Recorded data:
++++++++++++++++++++

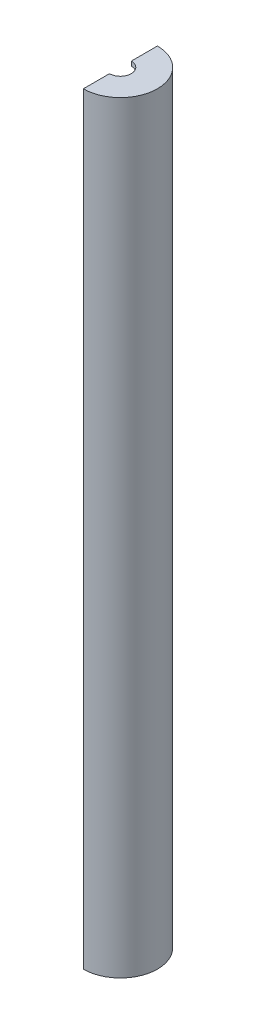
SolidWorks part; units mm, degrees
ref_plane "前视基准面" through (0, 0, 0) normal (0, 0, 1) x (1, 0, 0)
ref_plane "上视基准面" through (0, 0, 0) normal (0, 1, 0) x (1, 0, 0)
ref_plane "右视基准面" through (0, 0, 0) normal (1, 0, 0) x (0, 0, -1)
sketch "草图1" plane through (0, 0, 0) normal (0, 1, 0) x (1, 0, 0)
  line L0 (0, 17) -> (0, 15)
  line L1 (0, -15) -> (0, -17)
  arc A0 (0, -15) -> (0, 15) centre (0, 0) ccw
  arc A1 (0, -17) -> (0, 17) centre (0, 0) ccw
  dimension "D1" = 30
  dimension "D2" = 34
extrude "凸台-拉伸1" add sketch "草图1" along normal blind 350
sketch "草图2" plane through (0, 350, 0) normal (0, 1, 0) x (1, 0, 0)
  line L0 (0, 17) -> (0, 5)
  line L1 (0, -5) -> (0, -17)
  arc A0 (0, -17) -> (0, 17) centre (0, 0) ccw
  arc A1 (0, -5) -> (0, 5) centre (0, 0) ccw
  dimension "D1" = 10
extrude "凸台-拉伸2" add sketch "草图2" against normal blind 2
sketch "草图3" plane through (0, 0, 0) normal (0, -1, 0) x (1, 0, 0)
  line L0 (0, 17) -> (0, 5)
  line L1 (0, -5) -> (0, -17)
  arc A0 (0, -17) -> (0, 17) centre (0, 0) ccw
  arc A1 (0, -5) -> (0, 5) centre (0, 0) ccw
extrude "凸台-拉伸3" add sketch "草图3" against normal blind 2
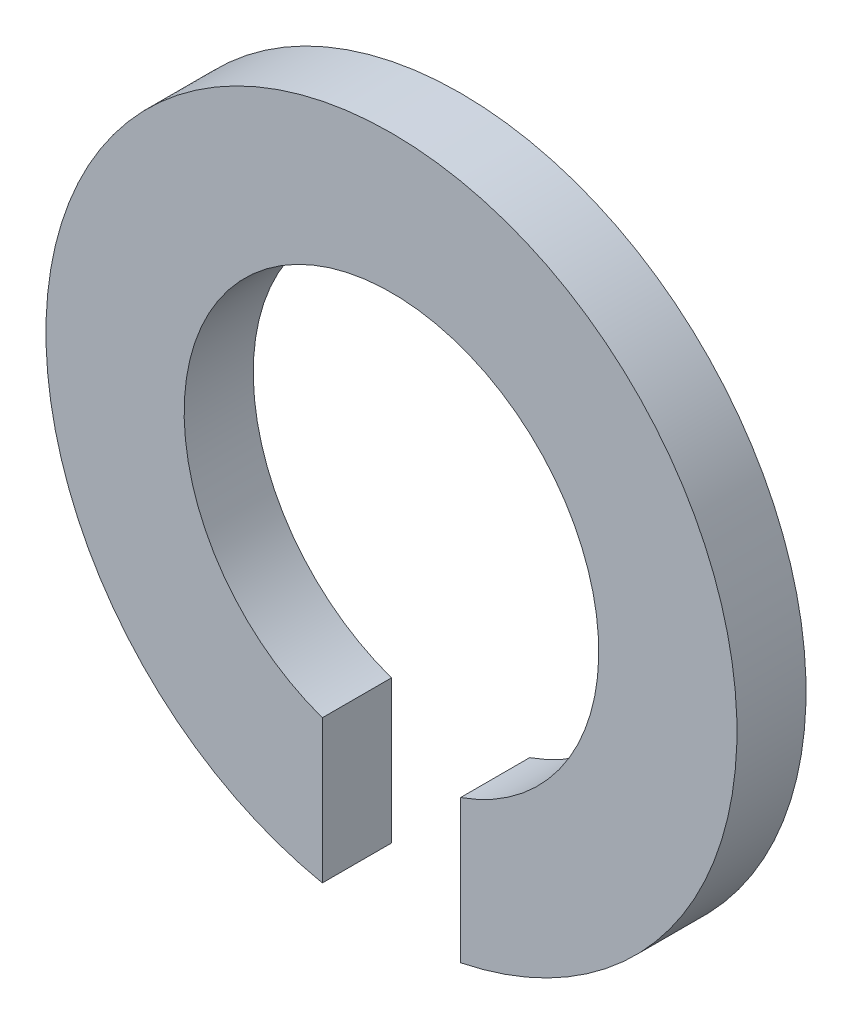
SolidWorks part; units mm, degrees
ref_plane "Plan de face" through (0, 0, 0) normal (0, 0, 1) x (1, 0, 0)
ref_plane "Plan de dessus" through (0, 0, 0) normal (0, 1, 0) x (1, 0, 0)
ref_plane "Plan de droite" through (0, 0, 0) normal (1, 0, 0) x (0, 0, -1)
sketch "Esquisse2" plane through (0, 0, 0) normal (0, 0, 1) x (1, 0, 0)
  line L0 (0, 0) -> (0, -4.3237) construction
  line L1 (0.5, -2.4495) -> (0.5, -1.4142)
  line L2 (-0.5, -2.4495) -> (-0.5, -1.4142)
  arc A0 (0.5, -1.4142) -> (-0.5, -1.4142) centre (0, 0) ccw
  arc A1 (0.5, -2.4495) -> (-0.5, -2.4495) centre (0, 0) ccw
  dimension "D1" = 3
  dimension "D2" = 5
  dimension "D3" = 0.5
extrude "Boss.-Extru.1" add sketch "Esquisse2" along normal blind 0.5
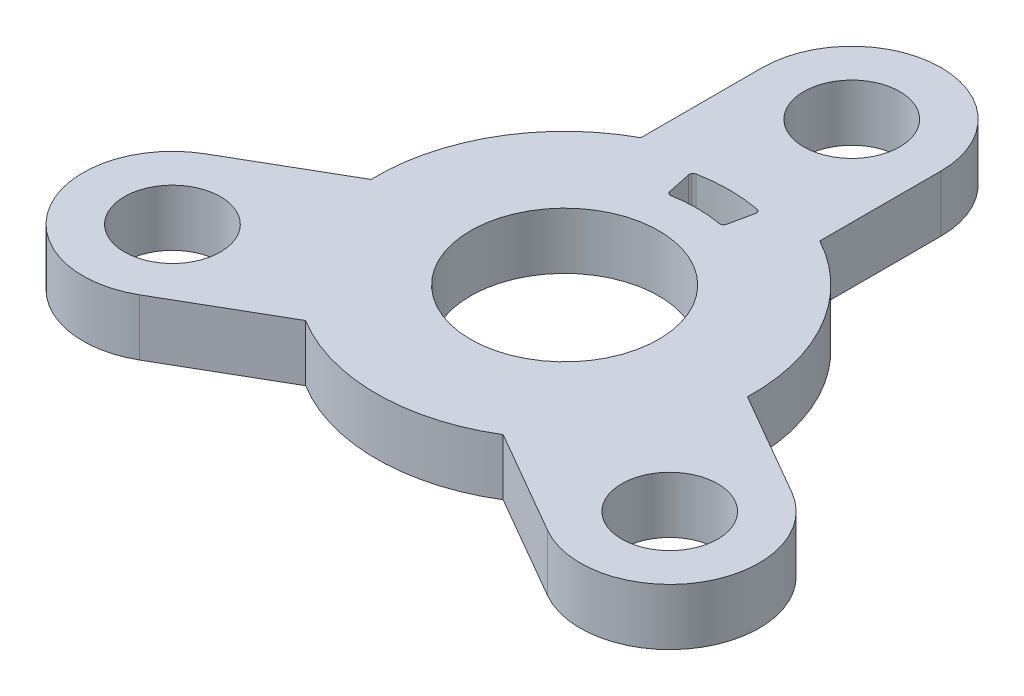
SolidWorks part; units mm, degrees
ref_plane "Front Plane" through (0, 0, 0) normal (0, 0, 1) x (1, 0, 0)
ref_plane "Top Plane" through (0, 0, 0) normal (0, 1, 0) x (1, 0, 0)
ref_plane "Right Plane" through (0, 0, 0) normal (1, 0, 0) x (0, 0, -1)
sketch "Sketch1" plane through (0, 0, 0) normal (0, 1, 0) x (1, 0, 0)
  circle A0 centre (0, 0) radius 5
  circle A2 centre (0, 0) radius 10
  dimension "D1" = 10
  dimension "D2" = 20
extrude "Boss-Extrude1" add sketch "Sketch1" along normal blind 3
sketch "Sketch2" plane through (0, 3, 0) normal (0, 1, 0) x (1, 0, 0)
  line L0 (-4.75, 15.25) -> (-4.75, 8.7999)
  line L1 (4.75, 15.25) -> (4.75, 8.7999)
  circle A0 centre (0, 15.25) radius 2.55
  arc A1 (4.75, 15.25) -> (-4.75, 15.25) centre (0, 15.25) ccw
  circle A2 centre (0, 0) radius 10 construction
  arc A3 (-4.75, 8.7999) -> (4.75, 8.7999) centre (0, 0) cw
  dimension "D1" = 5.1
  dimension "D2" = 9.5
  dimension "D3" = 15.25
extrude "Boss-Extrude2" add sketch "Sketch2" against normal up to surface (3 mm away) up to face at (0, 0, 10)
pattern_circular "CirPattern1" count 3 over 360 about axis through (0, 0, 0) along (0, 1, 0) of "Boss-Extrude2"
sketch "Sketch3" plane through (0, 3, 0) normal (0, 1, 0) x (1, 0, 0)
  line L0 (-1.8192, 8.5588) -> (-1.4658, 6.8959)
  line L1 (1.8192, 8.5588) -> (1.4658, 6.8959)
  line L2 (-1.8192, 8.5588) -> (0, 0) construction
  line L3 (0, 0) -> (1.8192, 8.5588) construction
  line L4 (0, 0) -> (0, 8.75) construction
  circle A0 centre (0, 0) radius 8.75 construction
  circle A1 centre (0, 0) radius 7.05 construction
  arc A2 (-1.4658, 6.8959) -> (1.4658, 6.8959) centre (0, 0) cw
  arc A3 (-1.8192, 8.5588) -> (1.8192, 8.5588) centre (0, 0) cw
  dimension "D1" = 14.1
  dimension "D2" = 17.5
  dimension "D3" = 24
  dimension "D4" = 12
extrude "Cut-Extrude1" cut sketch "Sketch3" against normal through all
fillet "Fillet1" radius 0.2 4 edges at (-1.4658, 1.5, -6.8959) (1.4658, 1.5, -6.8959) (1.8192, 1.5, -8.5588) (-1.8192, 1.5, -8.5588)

++++++++++++++++++++

> [Task goal]: If a line above holds the string "circle", copy it out.

> [Task result]:
  circle A0 centre (0, 0) radius 5
  circle A2 centre (0, 0) radius 10
  circle A0 centre (0, 15.25) radius 2.55
  circle A2 centre (0, 0) radius 10 construction
  circle A0 centre (0, 0) radius 8.75 construction
  circle A1 centre (0, 0) radius 7.05 construction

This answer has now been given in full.